* **Aim of the exercise**
Within the entries below, output exactly the lines between the line containing "settings SFSimCC: CustomCodeUndefinedFunction=UseInterfaceOnly" and the line containing "ACS/1(U) -> LTI System3/1", inclusive, and omit any picture.

======== Dataset excerpts

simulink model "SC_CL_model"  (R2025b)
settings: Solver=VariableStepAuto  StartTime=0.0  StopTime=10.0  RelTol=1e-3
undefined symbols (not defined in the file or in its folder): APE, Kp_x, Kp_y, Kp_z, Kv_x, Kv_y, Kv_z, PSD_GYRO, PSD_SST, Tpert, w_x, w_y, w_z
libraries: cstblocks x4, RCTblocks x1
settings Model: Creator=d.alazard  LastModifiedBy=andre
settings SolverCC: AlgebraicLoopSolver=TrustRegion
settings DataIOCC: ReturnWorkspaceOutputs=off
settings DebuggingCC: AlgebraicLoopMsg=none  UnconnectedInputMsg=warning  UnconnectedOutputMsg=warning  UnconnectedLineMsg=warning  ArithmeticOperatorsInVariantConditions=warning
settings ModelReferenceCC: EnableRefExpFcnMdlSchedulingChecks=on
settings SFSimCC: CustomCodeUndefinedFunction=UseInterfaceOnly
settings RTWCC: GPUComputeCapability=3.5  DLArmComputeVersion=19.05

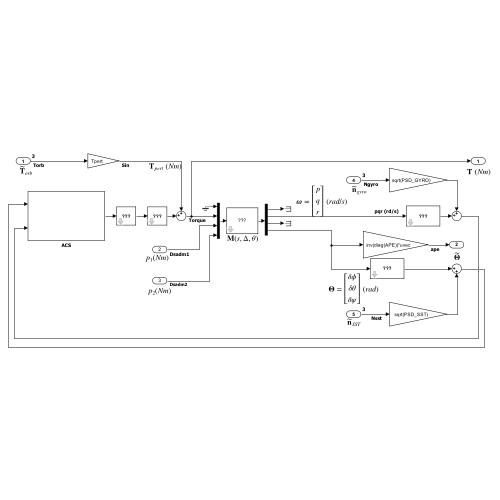
[thumbnail: Simulink's stored preview of the top-level diagram]
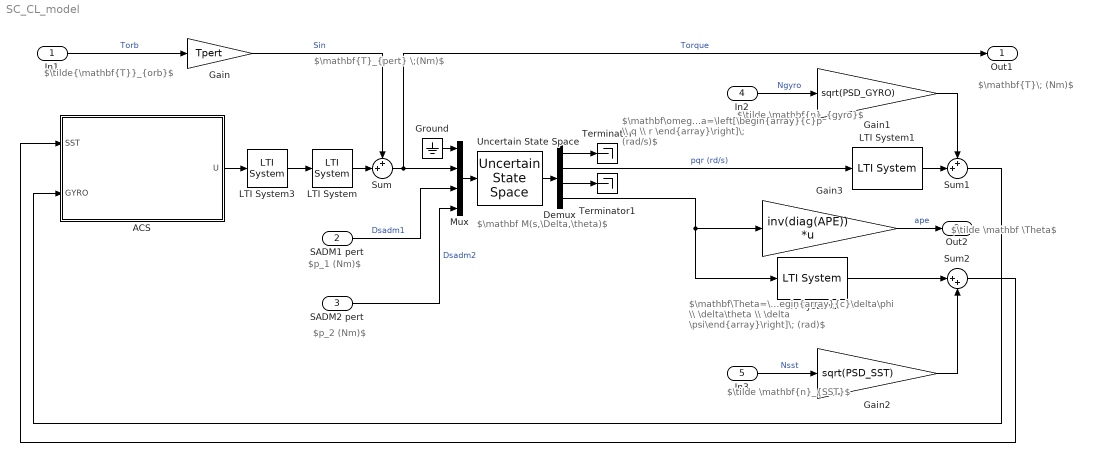
== system SC_CL_model ==
  note: $p_1 (Nm)$
  note: $\mathbf{T}_{pert} \;(Nm)$
  note: $\mathbf M(s,\Delta,\theta)$
  note: $\tilde{\mathbf{T}}_{orb}$
  note: $\mathbf{T}\; (Nm)$
  note: $\mathbf\Theta=\left[\begin{array}{c}\delta\phi \\ \delta\theta \\ \delta \psi\end{array}\right]\; (rad)$
  note: $\tilde \mathbf \Theta$
  note: $\tilde \mathbf{n}_{gyro}$
  note: $\tilde \mathbf{n}_{SST}$
  note: $p_2 (Nm)$
  note: $\mathbf\omega=\left[\begin{array}{c}p \\ q \\ r \end{array}\right]\; (rad/s)$
  In1 : Inport  PortDimensions=3
  SADM1 pert : Inport  Port=2  PortDimensions=1
  SADM2 pert : Inport  Port=3  PortDimensions=1
  In2 : Inport  Port=4  PortDimensions=3
  In3 : Inport  Port=5  PortDimensions=3
  ACS : Subsystem
  Demux : Demux  Outputs=[9 3 3 3]
  Gain : Gain  Gain=Tpert
  Gain1 : Gain  Gain=sqrt(PSD_GYRO)
  Gain2 : Gain  Gain=sqrt(PSD_SST)
  Gain3 : Gain  Gain=inv(diag(APE))  Multiplication=Matrix(K*u) (u vector)
  Ground : Ground
  LTI System : cstblocks/LTI System  sys=RW  IC=[]  PadeOrder=0
  LTI System1 : cstblocks/LTI System  sys=GYRO  IC=[]  PadeOrder=0
  LTI System2 : cstblocks/LTI System  sys=SST  IC=[]  PadeOrder=0
  LTI System3 : cstblocks/LTI System  sys=DELAY  IC=[]  PadeOrder=0
  Mux : Mux  Inputs=[3 3 1 1]
  Sum : Sum  Inputs=++|
  Sum1 : Sum  Inputs=++|
  Sum2 : Sum  Inputs=|++
  Terminator : Terminator
  Terminator1 : Terminator
  Uncertain State Space : RCTblocks/Uncertain State Space  Tag=USS  SCDEnableBlockLinearizationSpecification=on  USystem=Gu  UValue=[]  X0=[]  uX0=[]
  Out1 : Outport  VectorParamsAs1DForOutWhenUnconnected=off
  Out2 : Outport  Port=2  VectorParamsAs1DForOutWhenUnconnected=off
  wires:
  LTI System/1 -> Sum/2
  Sum/1 -> Mux/2, Out1/1  "Torque"
  In1/1 -> Gain/1  "Torb"
  Demux/2 -> LTI System1/1  "pqr (rd/s)"
  LTI System1/1 -> Sum1/2
  In2/1 -> Gain1/1  "Ngyro"
  Demux/4 -> LTI System2/1, Gain3/1
  Sum2/1 -> ACS/1(SST)
  Sum1/1 -> ACS/2(GYRO)
  ACS/1(U) -> LTI System3/1
  LTI System3/1 -> LTI System/1
  Gain/1 -> Sum/1  "Sin"
  Gain1/1 -> Sum1/1
  In3/1 -> Gain2/1  "Nsst"
  Gain2/1 -> Sum2/2
  LTI System2/1 -> Sum2/1
  Gain3/1 -> Out2/1  "ape"
  Uncertain State Space/1 -> Demux/1
  Demux/1 -> Terminator/1
  SADM2 pert/1 -> Mux/4  "Dsadm2"
  SADM1 pert/1 -> Mux/3  "Dsadm1"
  Ground/1 -> Mux/1
  Mux/1 -> Uncertain State Space/1
  Demux/3 -> Terminator1/1

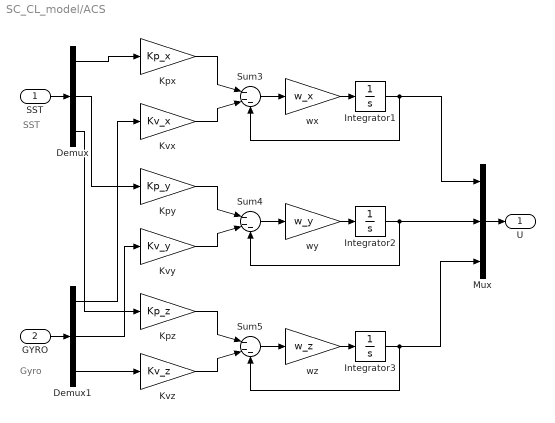
== system SC_CL_model/ACS ==
  note: Gyro
  note: SST
  SST : Inport
  GYRO : Inport  Port=2
  Demux : Demux  Outputs=3
  Demux1 : Demux  Outputs=3
  Integrator1 : Integrator
  Integrator2 : Integrator
  Integrator3 : Integrator
  Kpx : Gain  Gain=Kp_x
  Kpy : Gain  Gain=Kp_y
  "Kpz " : Gain  Gain=Kp_z
  Kvx : Gain  Gain=Kv_x
  Kvy : Gain  Gain=Kv_y
  Kvz : Gain  Gain=Kv_z
  Mux : Mux  Inputs=3
  Sum3 : Sum  Inputs=|---
  Sum4 : Sum  Inputs=|---
  Sum5 : Sum  Inputs=|---
  wx : Gain  Gain=w_x
  wy : Gain  Gain=w_y
  wz : Gain  Gain=w_z
  U : Outport  VectorParamsAs1DForOutWhenUnconnected=off
  wires:
  Kvx/1 -> Sum3/2
  Integrator1/1 -> Sum3/3, Mux/1
  "Kpz "/1 -> Sum5/1
  Integrator3/1 -> Mux/3, Sum5/3
  Mux/1 -> U/1
  Demux1/3 -> Kvz/1
  Kvy/1 -> Sum4/2
  Sum3/1 -> wx/1
  SST/1 -> Demux/1
  Integrator2/1 -> Mux/2, Sum4/3
  Demux/1 -> Kpx/1
  Demux1/1 -> Kvx/1
  Sum5/1 -> wz/1
  Demux/3 -> "Kpz "/1
  GYRO/1 -> Demux1/1
  wy/1 -> Integrator2/1
  Kpy/1 -> Sum4/1
  Demux1/2 -> Kvy/1
  wx/1 -> Integrator1/1
  Demux/2 -> Kpy/1
  Kvz/1 -> Sum5/2
  Sum4/1 -> wy/1
  wz/1 -> Integrator3/1
  Kpx/1 -> Sum3/1

================

* **Result**
settings SFSimCC: CustomCodeUndefinedFunction=UseInterfaceOnly
settings RTWCC: GPUComputeCapability=3.5  DLArmComputeVersion=19.05

[thumbnail: Simulink's stored preview of the top-level diagram]
== system SC_CL_model ==
  note: $p_1 (Nm)$
  note: $\mathbf{T}_{pert} \;(Nm)$
  note: $\mathbf M(s,\Delta,\theta)$
  note: $\tilde{\mathbf{T}}_{orb}$
  note: $\mathbf{T}\; (Nm)$
  note: $\mathbf\Theta=\left[\begin{array}{c}\delta\phi \\ \delta\theta \\ \delta \psi\end{array}\right]\; (rad)$
  note: $\tilde \mathbf \Theta$
  note: $\tilde \mathbf{n}_{gyro}$
  note: $\tilde \mathbf{n}_{SST}$
  note: $p_2 (Nm)$
  note: $\mathbf\omega=\left[\begin{array}{c}p \\ q \\ r \end{array}\right]\; (rad/s)$
  In1 : Inport  PortDimensions=3
  SADM1 pert : Inport  Port=2  PortDimensions=1
  SADM2 pert : Inport  Port=3  PortDimensions=1
  In2 : Inport  Port=4  PortDimensions=3
  In3 : Inport  Port=5  PortDimensions=3
  ACS : Subsystem
  Demux : Demux  Outputs=[9 3 3 3]
  Gain : Gain  Gain=Tpert
  Gain1 : Gain  Gain=sqrt(PSD_GYRO)
  Gain2 : Gain  Gain=sqrt(PSD_SST)
  Gain3 : Gain  Gain=inv(diag(APE))  Multiplication=Matrix(K*u) (u vector)
  Ground : Ground
  LTI System : cstblocks/LTI System  sys=RW  IC=[]  PadeOrder=0
  LTI System1 : cstblocks/LTI System  sys=GYRO  IC=[]  PadeOrder=0
  LTI System2 : cstblocks/LTI System  sys=SST  IC=[]  PadeOrder=0
  LTI System3 : cstblocks/LTI System  sys=DELAY  IC=[]  PadeOrder=0
  Mux : Mux  Inputs=[3 3 1 1]
  Sum : Sum  Inputs=++|
  Sum1 : Sum  Inputs=++|
  Sum2 : Sum  Inputs=|++
  Terminator : Terminator
  Terminator1 : Terminator
  Uncertain State Space : RCTblocks/Uncertain State Space  Tag=USS  SCDEnableBlockLinearizationSpecification=on  USystem=Gu  UValue=[]  X0=[]  uX0=[]
  Out1 : Outport  VectorParamsAs1DForOutWhenUnconnected=off
  Out2 : Outport  Port=2  VectorParamsAs1DForOutWhenUnconnected=off
  wires:
  LTI System/1 -> Sum/2
  Sum/1 -> Mux/2, Out1/1  "Torque"
  In1/1 -> Gain/1  "Torb"
  Demux/2 -> LTI System1/1  "pqr (rd/s)"
  LTI System1/1 -> Sum1/2
  In2/1 -> Gain1/1  "Ngyro"
  Demux/4 -> LTI System2/1, Gain3/1
  Sum2/1 -> ACS/1(SST)
  Sum1/1 -> ACS/2(GYRO)
  ACS/1(U) -> LTI System3/1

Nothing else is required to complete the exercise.